George Soros is a world-famous investor and often feared because of this reputation as “the man who broke the Bank of England” when he made $1 billion in one day, September 16th, 1992 (known as Black Wednesday).
The news that George Soros’ $26 billion family office is getting into the cryptocurrency market has created a flurry of interest in the likely impact of this move; after all if the investor can make $1 billion in a day, what might he do in the crypto markets. As Coindesk says: “This is one institutional player with the ability to go large and make or break a currency … even a digital one.”
Soros’ tip for success
George Soros attributes his success to “reflexivity.” This is a theory, which states that investors make decisions based on their perception of reality. In other words, there is an important distinction between ‘reality’ and the perception of it at play.

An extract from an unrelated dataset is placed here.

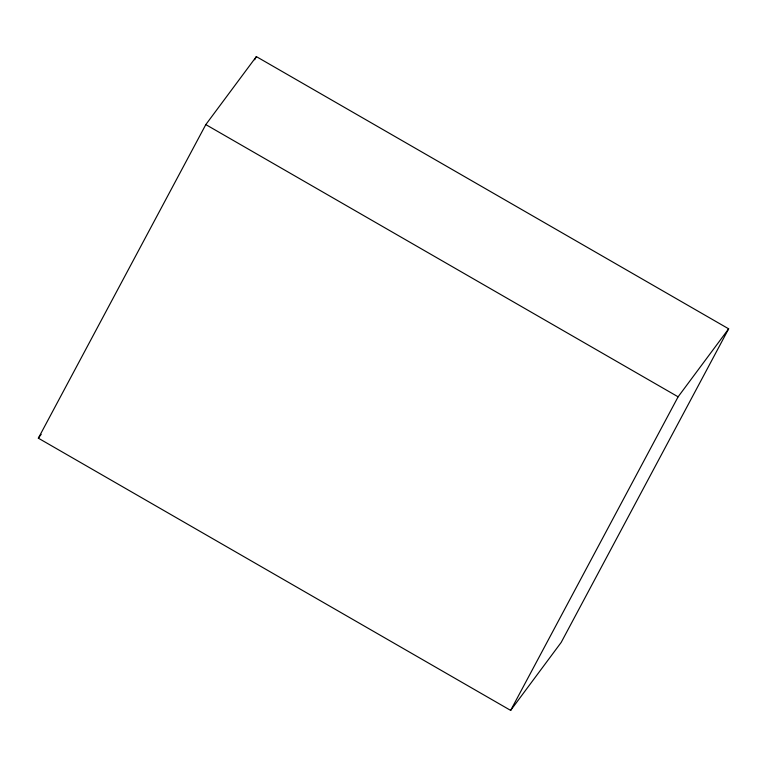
<?xml version="1.0" encoding="UTF-8"?>
<svg xmlns="http://www.w3.org/2000/svg" width="767" height="767" viewBox="0 0 767 767"><rect width="100%" height="100%" fill="white"/><g stroke="black" fill="none" stroke-linecap="round" stroke-linejoin="round"><path stroke-width="1.15" d="M38.35 438.178L205.815 124.59L256.351 56.605L728.65 328.822L561.185 642.41L510.649 710.395L38.35 438.178L41.197 434.343M254.663 59.768L256.351 56.605M510.649 710.395L678.114 396.817L728.65 328.822M205.815 124.59L678.114 396.817"/></g></svg>

The reflexivity theory says there is an objective and subjective reality. According to Soros, “the subjective aspect covers what takes place in the mind and the objective aspect is what takes place in external reality.” He has stated that the global financial crisis of 2008 as an illustration of the theory.
Basically he is saying that markets are in a constant state of flux and that they more frequently present a distorted view of reality.
Applying his theory to crypto market
As we have seen, the more people form a positive view about crypto, the more the price will soar, and vice versa. Some say there is even a ‘cultish’ aspect to Bitcoin and its peers that exaggerate the effects of enthusiasm for it.
Omri Ross, assistant professor at the University of Copenhagen, says: “The reflexivity of economic actors is confirmed by the proliferation of subcultures and fan groups emerging around various projects.” And he adds, “In the young and volatile crypto markets, near-religious beliefs about price appreciation with references to various intrinsic valuation models can be observed daily.”
We don’t know the effects yet of Soros entering the crypto market, but we can learn from his insights about the relationship between cause and effect, and the role of perception in a new, developing and volatile market.